Following their victory in the first postwar election (November 1919) the Italian socialists had used their new power in local government to establish de facto control over the agricultural wage-labor market. In the Po Valley in 1920, every farmer who needed workmen for planting or harvesting had to visit the socialist Labor Exchange. The Labor Exchanges made the most of their new leverage. They forced the farmers to hire workers year-round rather than only seasonally, and with better wages and working conditions. The farmers were financially squeezed. They had invested considerable sums in transforming Po Valley marshlands in cultivable farms; their cash crops earned little money in the difficult conditions of the Italian postwar economy. The socialist unions also undermined the farmers' personal status as masters of their domains.

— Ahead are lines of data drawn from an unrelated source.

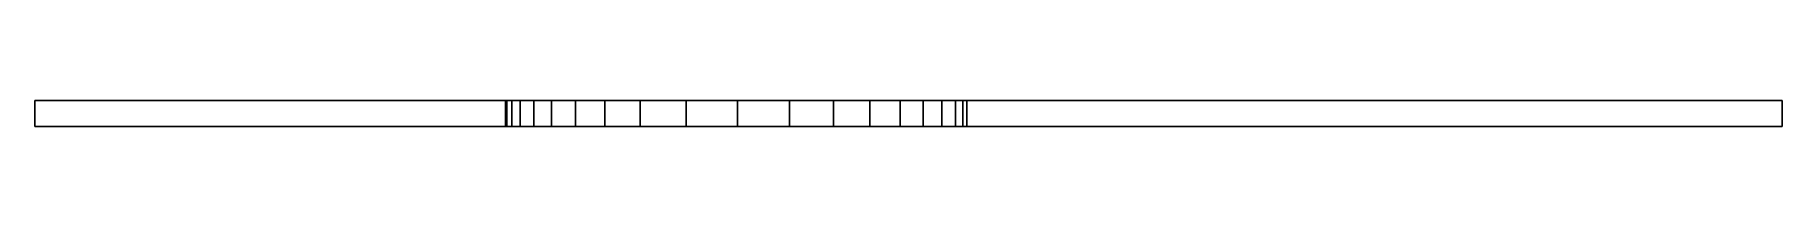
# Model space of a CAD drawing. Header units: metres. Extents: x 0 to 1674, y -25 to 0.
import ezdxf

# ---------------------------------------------------------------- set-up
doc = ezdxf.new("R2010")
doc.units = ezdxf.units.M

msp = doc.modelspace()

# ---------------------------------------------------------------- linework, layer by layer
for p, q in [((0, 0, -2000), (673, 0, -2000)), ((0, -25, -2000), (0, 0, -2000)), ((0, 0, -1975), (673, 0, -1975)), ((0, -25, -1975), (0, 0, -1975)), ((0, 0, -2000), (0, 0, -1975)), ((0, 0, -1975), (624, 0, -1975)), ((0, -25, -1975), (0, 0, -1975)), ((0, 0, -1950), (624, 0, -1950)), ((0, -25, -1950), (0, 0, -1950)), ((0, 0, -1975), (0, 0, -1950)), ((0, 0, -1950), (723, 0, -1950)), ((0, -25, -1950), (0, 0, -1950)), ((0, 0, -1925), (723, 0, -1925)), ((0, -25, -1925), (0, 0, -1925)), ((0, 0, -1950), (0, 0, -1925)), ((0, 0, -1925), (580, 0, -1925)), ((0, -25, -1925), (0, 0, -1925)), ((0, 0, -1900), (580, 0, -1900)), ((0, -25, -1900), (0, 0, -1900)), ((0, 0, -1925), (0, 0, -1900)), ((0, 0, -1900), (765, 0, -1900)), ((0, -25, -1900), (0, 0, -1900)), ((0, 0, -1875), (765, 0, -1875)), ((0, -25, -1875), (0, 0, -1875)), ((0, 0, -1900), (0, 0, -1875)), ((0, 0, -1875), (546, 0, -1875)), ((0, -25, -1875), (0, 0, -1875)), ((0, 0, -1850), (546, 0, -1850)), ((0, -25, -1850), (0, 0, -1850)), ((0, 0, -1875), (0, 0, -1850)), ((0, 0, -1850), (800, 0, -1850)), ((0, -25, -1850), (0, 0, -1850)), ((0, 0, -1825), (800, 0, -1825)), ((0, -25, -1825), (0, 0, -1825)), ((0, 0, -1850), (0, 0, -1825)), ((0, 0, -1825), (518, 0, -1825)), ((0, -25, -1825), (0, 0, -1825)), ((0, 0, -1800), (518, 0, -1800)), ((0, -25, -1800), (0, 0, -1800)), ((0, 0, -1825), (0, 0, -1800)), ((0, 0, -1800), (829, 0, -1800)), ((0, -25, -1800), (0, 0, -1800)), ((0, 0, -1775), (829, 0, -1775)), ((0, -25, -1775), (0, 0, -1775)), ((0, 0, -1800), (0, 0, -1775)), ((0, 0, -1775), (495, 0, -1775)), ((0, -25, -1775), (0, 0, -1775)), ((0, 0, -1750), (495, 0, -1750)), ((0, -25, -1750), (0, 0, -1750)), ((0, 0, -1775), (0, 0, -1750)), ((0, 0, -1750), (851, 0, -1750)), ((0, -25, -1750), (0, 0, -1750)), ((0, 0, -1725), (851, 0, -1725)), ((0, -25, -1725), (0, 0, -1725)), ((0, 0, -1750), (0, 0, -1725)), ((0, 0, -1725), (478, 0, -1725)), ((0, -25, -1725), (0, 0, -1725)), ((0, 0, -1700), (478, 0, -1700)), ((0, -25, -1700), (0, 0, -1700)), ((0, 0, -1725), (0, 0, -1700)), ((0, 0, -1700), (869, 0, -1700)), ((0, -25, -1700), (0, 0, -1700)), ((0, 0, -1675), (869, 0, -1675)), ((0, -25, -1675), (0, 0, -1675)), ((0, 0, -1700), (0, 0, -1675)), ((0, 0, -1675), (465, 0, -1675)), ((0, -25, -1675), (0, 0, -1675)), ((0, 0, -1650), (465, 0, -1650)), ((0, -25, -1650), (0, 0, -1650)), ((0, 0, -1675), (0, 0, -1650)), ((0, 0, -1650), (882, 0, -1650)), ((0, -25, -1650), (0, 0, -1650)), ((0, 0, -1625), (882, 0, -1625)), ((0, -25, -1625), (0, 0, -1625)), ((0, 0, -1650), (0, 0, -1625)), ((0, 0, -1625), (457, 0, -1625)), ((0, -25, -1625), (0, 0, -1625)), ((0, 0, -1600), (457, 0, -1600)), ((0, -25, -1600), (0, 0, -1600)), ((0, 0, -1625), (0, 0, -1600)), ((0, 0, -1600), (889, 0, -1600)), ((0, -25, -1600), (0, 0, -1600)), ((0, 0, -1575), (889, 0, -1575)), ((0, -25, -1575), (0, 0, -1575)), ((0, 0, -1600), (0, 0, -1575)), ((0, 0, -1575), (452, 0, -1575)), ((0, -25, -1575), (0, 0, -1575)), ((0, 0, -1550), (452, 0, -1550)), ((0, -25, -1550), (0, 0, -1550)), ((0, 0, -1575), (0, 0, -1550)), ((0, 0, -1550), (893, 0, -1550)), ((0, -25, -1550), (0, 0, -1550)), ((0, 0, -1525), (893, 0, -1525)), ((0, -25, -1525), (0, 0, -1525)), ((0, 0, -1550), (0, 0, -1525)), ((0, 0, -1525), (451, 0, -1525)), ((0, -25, -1525), (0, 0, -1525)), ((0, 0, -1500), (451, 0, -1500)), ((0, -25, -1500), (0, 0, -1500)), ((0, 0, -1525), (0, 0, -1500)), ((0, 0, -1500), (889, 0, -1500)), ((0, -25, -1500), (0, 0, -1500)), ((0, 0, -1475), (889, 0, -1475)), ((0, -25, -1475), (0, 0, -1475)), ((0, 0, -1500), (0, 0, -1475)), ((0, 0, -1475), (457, 0, -1475)), ((0, -25, -1475), (0, 0, -1475)), ((0, 0, -1450), (457, 0, -1450)), ((0, -25, -1450), (0, 0, -1450)), ((0, 0, -1475), (0, 0, -1450)), ((0, 0, -1450), (882, 0, -1450)), ((0, -25, -1450), (0, 0, -1450)), ((0, 0, -1425), (882, 0, -1425)), ((0, -25, -1425), (0, 0, -1425)), ((0, 0, -1450), (0, 0, -1425)), ((0, 0, -1425), (465, 0, -1425)), ((0, -25, -1425), (0, 0, -1425)), ((0, 0, -1400), (465, 0, -1400)), ((0, -25, -1400), (0, 0, -1400)), ((0, 0, -1425), (0, 0, -1400)), ((0, 0, -1400), (869, 0, -1400)), ((0, -25, -1400), (0, 0, -1400)), ((0, 0, -1375), (869, 0, -1375)), ((0, -25, -1375), (0, 0, -1375)), ((0, 0, -1400), (0, 0, -1375)), ((0, 0, -1375), (478, 0, -1375)), ((0, -25, -1375), (0, 0, -1375)), ((0, 0, -1350), (478, 0, -1350)), ((0, -25, -1350), (0, 0, -1350)), ((0, 0, -1375), (0, 0, -1350)), ((0, 0, -1350), (851, 0, -1350)), ((0, -25, -1350), (0, 0, -1350)), ((0, 0, -1325), (851, 0, -1325)), ((0, -25, -1325), (0, 0, -1325)), ((0, 0, -1350), (0, 0, -1325)), ((0, 0, -1325), (495, 0, -1325)), ((0, -25, -1325), (0, 0, -1325)), ((0, 0, -1300), (495, 0, -1300)), ((0, -25, -1300), (0, 0, -1300)), ((0, 0, -1325), (0, 0, -1300)), ((0, 0, -1300), (829, 0, -1300)), ((0, -25, -1300), (0, 0, -1300)), ((0, 0, -1275), (829, 0, -1275)), ((0, -25, -1275), (0, 0, -1275)), ((0, 0, -1300), (0, 0, -1275)), ((0, 0, -1275), (518, 0, -1275)), ((0, -25, -1275), (0, 0, -1275)), ((0, 0, -1250), (518, 0, -1250)), ((0, -25, -1250), (0, 0, -1250)), ((0, 0, -1275), (0, 0, -1250)), ((0, 0, -1250), (800, 0, -1250)), ((0, -25, -1250), (0, 0, -1250)), ((0, 0, -1225), (800, 0, -1225)), ((0, -25, -1225), (0, 0, -1225)), ((0, 0, -1250), (0, 0, -1225)), ((0, 0, -1225), (546, 0, -1225)), ((0, -25, -1225), (0, 0, -1225)), ((0, 0, -1200), (546, 0, -1200)), ((0, -25, -1200), (0, 0, -1200)), ((0, 0, -1225), (0, 0, -1200)), ((0, 0, -1200), (765, 0, -1200)), ((0, -25, -1200), (0, 0, -1200)), ((0, 0, -1175), (765, 0, -1175)), ((0, -25, -1175), (0, 0, -1175)), ((0, 0, -1200), (0, 0, -1175)), ((0, 0, -1175), (580, 0, -1175)), ((0, -25, -1175), (0, 0, -1175)), ((0, 0, -1150), (580, 0, -1150)), ((0, -25, -1150), (0, 0, -1150)), ((0, 0, -1175), (0, 0, -1150)), ((0, 0, -1150), (723, 0, -1150)), ((0, -25, -1150), (0, 0, -1150)), ((0, 0, -1125), (723, 0, -1125)), ((0, -25, -1125), (0, 0, -1125)), ((0, 0, -1150), (0, 0, -1125)), ((0, 0, -1125), (624, 0, -1125)), ((0, -25, -1125), (0, 0, -1125)), ((0, 0, -1100), (624, 0, -1100)), ((0, -25, -1100), (0, 0, -1100)), ((0, 0, -1125), (0, 0, -1100)), ((0, 0, -1100), (673, 0, -1100)), ((0, -25, -1100), (0, 0, -1100)), ((0, 0, -1075), (673, 0, -1075)), ((0, -25, -1075), (0, 0, -1075)), ((0, 0, -1100), (0, 0, -1075)), ((451, 0, -1525), (451, -25, -1525)), ((451, 0, -1500), (451, -25, -1500)), ((451, 0, -1525), (451, 0, -1500)), ((451, 0, -1525), (1674, 0, -1525)), ((451, -25, -1525), (451, 0, -1525)), ((451, 0, -1500), (1674, 0, -1500)), ((451, -25, -1500), (451, 0, -1500)), ((451, 0, -1525), (451, 0, -1500)), ((452, 0, -1575), (452, -25, -1575)), ((452, 0, -1550), (452, -25, -1550)), ((452, 0, -1575), (452, 0, -1550)), ((452, 0, -1575), (1674, 0, -1575)), ((452, -25, -1575), (452, 0, -1575)), ((452, 0, -1550), (1674, 0, -1550)), ((452, -25, -1550), (452, 0, -1550)), ((452, 0, -1575), (452, 0, -1550)), ((457, 0, -1625), (457, -25, -1625)), ((457, 0, -1600), (457, -25, -1600)), ((457, 0, -1625), (457, 0, -1600)), ((457, 0, -1625), (1674, 0, -1625)), ((457, -25, -1625), (457, 0, -1625)), ((457, 0, -1600), (1674, 0, -1600)), ((457, -25, -1600), (457, 0, -1600)), ((457, 0, -1625), (457, 0, -1600)), ((457, 0, -1475), (457, -25, -1475)), ((457, 0, -1450), (457, -25, -1450)), ((457, 0, -1475), (457, 0, -1450)), ((457, 0, -1475), (1674, 0, -1475)), ((457, -25, -1475), (457, 0, -1475)), ((457, 0, -1450), (1674, 0, -1450)), ((457, -25, -1450), (457, 0, -1450)), ((457, 0, -1475), (457, 0, -1450)), ((465, 0, -1675), (465, -25, -1675)), ((465, 0, -1650), (465, -25, -1650)), ((465, 0, -1675), (465, 0, -1650)), ((465, 0, -1675), (1674, 0, -1675)), ((465, -25, -1675), (465, 0, -1675)), ((465, 0, -1650), (1674, 0, -1650)), ((465, -25, -1650), (465, 0, -1650)), ((465, 0, -1675), (465, 0, -1650)), ((465, 0, -1425), (465, -25, -1425)), ((465, 0, -1400), (465, -25, -1400)), ((465, 0, -1425), (465, 0, -1400)), ((465, 0, -1425), (1674, 0, -1425)), ((465, -25, -1425), (465, 0, -1425)), ((465, 0, -1400), (1674, 0, -1400)), ((465, -25, -1400), (465, 0, -1400)), ((465, 0, -1425), (465, 0, -1400)), ((478, 0, -1725), (478, -25, -1725)), ((478, 0, -1700), (478, -25, -1700)), ((478, 0, -1725), (478, 0, -1700)), ((478, 0, -1725), (1674, 0, -1725)), ((478, -25, -1725), (478, 0, -1725)), ((478, 0, -1700), (1674, 0, -1700)), ((478, -25, -1700), (478, 0, -1700)), ((478, 0, -1725), (478, 0, -1700)), ((478, 0, -1375), (478, -25, -1375)), ((478, 0, -1350), (478, -25, -1350)), ((478, 0, -1375), (478, 0, -1350)), ((478, 0, -1375), (1674, 0, -1375)), ((478, -25, -1375), (478, 0, -1375)), ((478, 0, -1350), (1674, 0, -1350)), ((478, -25, -1350), (478, 0, -1350)), ((478, 0, -1375), (478, 0, -1350)), ((495, 0, -1775), (495, -25, -1775)), ((495, 0, -1750), (495, -25, -1750)), ((495, 0, -1775), (495, 0, -1750)), ((495, 0, -1775), (1674, 0, -1775)), ((495, -25, -1775), (495, 0, -1775)), ((495, 0, -1750), (1674, 0, -1750)), ((495, -25, -1750), (495, 0, -1750)), ((495, 0, -1775), (495, 0, -1750)), ((495, 0, -1325), (495, -25, -1325)), ((495, 0, -1300), (495, -25, -1300)), ((495, 0, -1325), (495, 0, -1300)), ((495, 0, -1325), (1674, 0, -1325)), ((495, -25, -1325), (495, 0, -1325)), ((495, 0, -1300), (1674, 0, -1300)), ((495, -25, -1300), (495, 0, -1300)), ((495, 0, -1325), (495, 0, -1300)), ((518, 0, -1825), (518, -25, -1825)), ((518, 0, -1800), (518, -25, -1800)), ((518, 0, -1825), (518, 0, -1800)), ((518, 0, -1825), (1674, 0, -1825)), ((518, -25, -1825), (518, 0, -1825)), ((518, 0, -1800), (1674, 0, -1800)), ((518, -25, -1800), (518, 0, -1800)), ((518, 0, -1825), (518, 0, -1800)), ((518, 0, -1275), (518, -25, -1275)), ((518, 0, -1250), (518, -25, -1250)), ((518, 0, -1275), (518, 0, -1250)), ((518, 0, -1275), (1674, 0, -1275)), ((518, -25, -1275), (518, 0, -1275)), ((518, 0, -1250), (1674, 0, -1250)), ((518, -25, -1250), (518, 0, -1250)), ((518, 0, -1275), (518, 0, -1250)), ((546, 0, -1875), (546, -25, -1875)), ((546, 0, -1850), (546, -25, -1850)), ((546, 0, -1875), (546, 0, -1850)), ((546, 0, -1875), (1674, 0, -1875)), ((546, -25, -1875), (546, 0, -1875)), ((546, 0, -1850), (1674, 0, -1850)), ((546, -25, -1850), (546, 0, -1850)), ((546, 0, -1875), (546, 0, -1850)), ((546, 0, -1225), (546, -25, -1225)), ((546, 0, -1200), (546, -25, -1200)), ((546, 0, -1225), (546, 0, -1200)), ((546, 0, -1225), (1674, 0, -1225)), ((546, -25, -1225), (546, 0, -1225)), ((546, 0, -1200), (1674, 0, -1200)), ((546, -25, -1200), (546, 0, -1200)), ((546, 0, -1225), (546, 0, -1200)), ((580, 0, -1925), (580, -25, -1925)), ((580, 0, -1900), (580, -25, -1900)), ((580, 0, -1925), (580, 0, -1900)), ((580, 0, -1925), (1674, 0, -1925)), ((580, -25, -1925), (580, 0, -1925)), ((580, 0, -1900), (1674, 0, -1900)), ((580, -25, -1900), (580, 0, -1900)), ((580, 0, -1925), (580, 0, -1900)), ((580, 0, -1175), (580, -25, -1175)), ((580, 0, -1150), (580, -25, -1150)), ((580, 0, -1175), (580, 0, -1150)), ((580, 0, -1175), (1674, 0, -1175)), ((580, -25, -1175), (580, 0, -1175)), ((580, 0, -1150), (1674, 0, -1150)), ((580, -25, -1150), (580, 0, -1150)), ((580, 0, -1175), (580, 0, -1150)), ((624, 0, -1975), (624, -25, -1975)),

Frightened and humiliated, the Po Valley landowners looked frantically for help. They did not find it in the Italian state. Local officials were either socialists themselves, or little inclined to do battle with them. Prime Minister Giolitti, a true practitioner of laissez-faire liberalism, declined to use national forces to break strikes. The big farmers felt abandoned by the Italian liberal state.

In the absence of help from the public authorities, the large landowners of the Po Valley turned to the Blackshirts for protection. Glad for an excuse to attack their old pacifist enemies, fascist squadristi invaded the city hall in Bologna, where socialist officials had hung up a red banner, on November 21, 1920. Six were killed. From there, the movement quickly spread through the rich agricultural country in the lower Po River delta. Black-shirted squadristi mounted nightly expeditions to sack and burn Labor Exchanges and local socialist offices, and beat and intimidate socialist organizers. Their favorite forms of humiliation were administering uncontainable doses of castor oil and shaving off half of a proud Latin moustache. In the first six months of 1921, the squads destroyed 17 newspapers and printing works, 59 Peoples' Houses (socialist headquarters), 119 Chambers of Labor (socialist employment offices), 107 cooperatives, 83 Peasants' Leagues, 151 socialist clubs, and 151 cultural organizations. Between January 1 and April 7, 1921, 102 people were killed: 25 fascists, 41 socialists, 20 police, and 16 others.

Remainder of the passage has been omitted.